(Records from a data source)
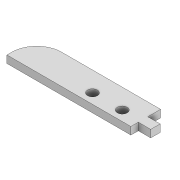
# Autodesk Inventor part: Comb4
Saved by Autodesk Inventor 2020 (Build 240168000, 168)
## iProperties
Created: 2022-04-26
Part Number: Comb4
Material: Generic
Document SubType Name: Modeling
Designer: ferrerx
Density: 1 g/cm^3
Appearance: Default
Author: ferrerx
Autodesk Inventor part; units mm, degrees
ref_plane "YZ Plane" through (0, 0, 0) normal (1, 0, 0) x (0, 1, 0)
ref_plane "XZ Plane" through (0, 0, 0) normal (0, 1, 0) x (-1, 0, 0)
ref_plane "XY Plane" through (0, 0, 0) normal (0, 0, 1) x (1, 0, 0)
sketch "Sketch1" plane through (0, 0, 0) normal (0, 1, 0) x (-1, 0, 0)
  line L0 (25, 100) -> (-25, 100)
  line L1 (-25, 100) -> (-25, -100)
  line L2 (-25, -100) -> (25, -100)
  line L3 (25, -100) -> (25, 100)
  line L4 (25, 100) -> (-25, -100) construction
  line L5 (-25, 100) -> (25, -100) construction
  point P0 (0, 0)
  dimension "d0" = 200
  dimension "d1" = 50
  constraints: 12 end point, 2 midpoint, 2 parallel, 1 horizontal, 1 perpendicular
  measures "d0" distance of L2.end L0.start
  measures "d1" distance of L1.end L2.end
extrude "Extrusion1" add sketch "Sketch1" along normal blind 3
sketch "Sketch2" plane through (0, 3, 0) normal (0, 1, 0) x (1, 0, 0)
  line L0 (0, 0) -> (25, 0) construction
  line L1 (25, -100) -> (25, 100) projected
  line L2 (25, -92) -> (-15.0756, -92) construction
  circle A0 centre (17.5, -92) radius 2
  circle A1 centre (5.5, -92) radius 2
  line L3 (-25, -100) -> (25, -100) projected
  circle A2 centre (17.5, 92) radius 2
  circle A3 centre (5.5, 92) radius 2
  dimension "d4" = 4
  dimension "d5" = 4
  dimension "d6" = 12
  dimension "d7" = 8
  dimension "d10" = 7.5
  constraints: 4 centre point, 4 end point, 3 point on line, 2 symmetric about line, 1 horizontal, 1 midpoint, 2 other
  measures "d4" diameter of A1
  measures "d5" diameter of A0
  measures "d6" distance of A1.centre A0.centre
  measures "d7" distance between parallel lines of L3 L2
  measures "d10" distance from line of L1 A0.centre
extrude "Extrusion2" cut sketch "Sketch2" against normal blind 5
sketch "Sketch3" plane through (0, 3, 0) normal (0, 1, 0) x (1, 0, 0)
  line L0 (19, -85) -> (31, -85)
  line L1 (31, -85) -> (31, 85)
  line L2 (31, 85) -> (19, 85)
  line L3 (19, 85) -> (19, -85)
  line L4 (25, -100) -> (25, 100) projected
  line L5 (19, -85) -> (31, 85) construction
  line L6 (31, -85) -> (19, 85) construction
  point P0 (0, 0)
  point P1 (25, 0)
  dimension "d11" = 170
  dimension "d12" = 12
  constraints: 12 end point, 3 midpoint, 2 parallel, 1 horizontal, 1 perpendicular
  measures "d11" distance of L0.end L1.end
  measures "d12" distance of L1.end L2.end
extrude "Extrusion3" add sketch "Sketch3" against normal blind 3
sketch "Sketch4" plane through (0, 3, 0) normal (0, 1, 0) x (1, 0, 0)
  line L0 (25, -100) -> (25, 100) projected
  line L1 (31, 85) -> (25, 85) projected
  circle A0 centre (26, -75) radius 2
  line L2 (25, -85) -> (31, -85) projected
  line L3 (31, -85) -> (31, 85) projected
  point P0 (0, 0)
  dimension "d15" = 4
  dimension "d16" = 10
  dimension "d17" = 5
  constraints: 1 centre point
  measures "d15" diameter of A0
  measures "d16" distance from line of L2 A0.centre
  measures "d17" distance from line of L3 A0.centre
extrude "Extrusion4" cut sketch "Sketch4" against normal blind 5 contours A0 L0 | L0 A0
pattern_linear "Rectangular Pattern1" count 6 spacing 30 along (0, 0, -1) of "Extrusion4"
fillet "Fillet1" radius 10 2 edges at (-25, 1.5, -100) (-25, 1.5, 100)
sketch "Sketch5" plane through (0, 3, 0) normal (0, 1, 0) x (1, 0, 0)
  line L0 (31, 85) -> (25, 85) projected
  line L1 (32.3908, 88) -> (-29, 88)
  line L2 (-29, 88) -> (-29, -105)
  line L3 (-29, -105) -> (32.3908, -105)
  line L4 (32.3908, -105) -> (32.3908, 84.997)
  line L5 (32.3908, 84.997) -> (32.3908, 88)
  line L6 (25, 100) -> (-15, 100) projected
  point P0 (0, 0)
  dimension "d31" = 12
  constraints: 10 end point, 2 parallel, 1 horizontal, 1 perpendicular, 1 vertical
  measures "d31" distance between parallel lines of L6 L1
extrude "Extrusion5" cut sketch "Sketch5" against normal blind 10
sketch "Sketch6" plane through (0, 3, 0) normal (0, 1, 0) x (1, 0, 0)
  line L0 (25, 94.8) -> (30, 94.8)
  line L1 (30, 94.8) -> (30, 91)
  line L2 (30, 91) -> (25, 91)
  line L3 (25, 91) -> (25, 94.8)
  line L4 (25, 100) -> (-15, 100) projected
  point P0 (0, 0)
  dimension "d26" = 5.2
  dimension "d27" = 5
  dimension "d28" = 3.8
  constraints: 8 end point, 2 parallel, 1 horizontal, 1 perpendicular
  measures "d26" distance between parallel lines of L4 L0
  measures "d27" distance of L1.end L2.end
  measures "d28" distance of L0.end L1.end
extrude "Extrusion6" add sketch "Sketch6" against normal blind 3
body "Solid1"

TASK OBJECTIVE →
Of the entries above, transcribe exactly those lines that fall between the line containing "of A1.centre A0.centre" and the line containing "line L5 (19, -85) -> (31, 85) construction", together with those two lines.

ANSWER →
  measures "d6" distance of A1.centre A0.centre
  measures "d7" distance between parallel lines of L3 L2
  measures "d10" distance from line of L1 A0.centre
extrude "Extrusion2" cut sketch "Sketch2" against normal blind 5
sketch "Sketch3" plane through (0, 3, 0) normal (0, 1, 0) x (1, 0, 0)
  line L0 (19, -85) -> (31, -85)
  line L1 (31, -85) -> (31, 85)
  line L2 (31, 85) -> (19, 85)
  line L3 (19, 85) -> (19, -85)
  line L4 (25, -100) -> (25, 100) projected
  line L5 (19, -85) -> (31, 85) construction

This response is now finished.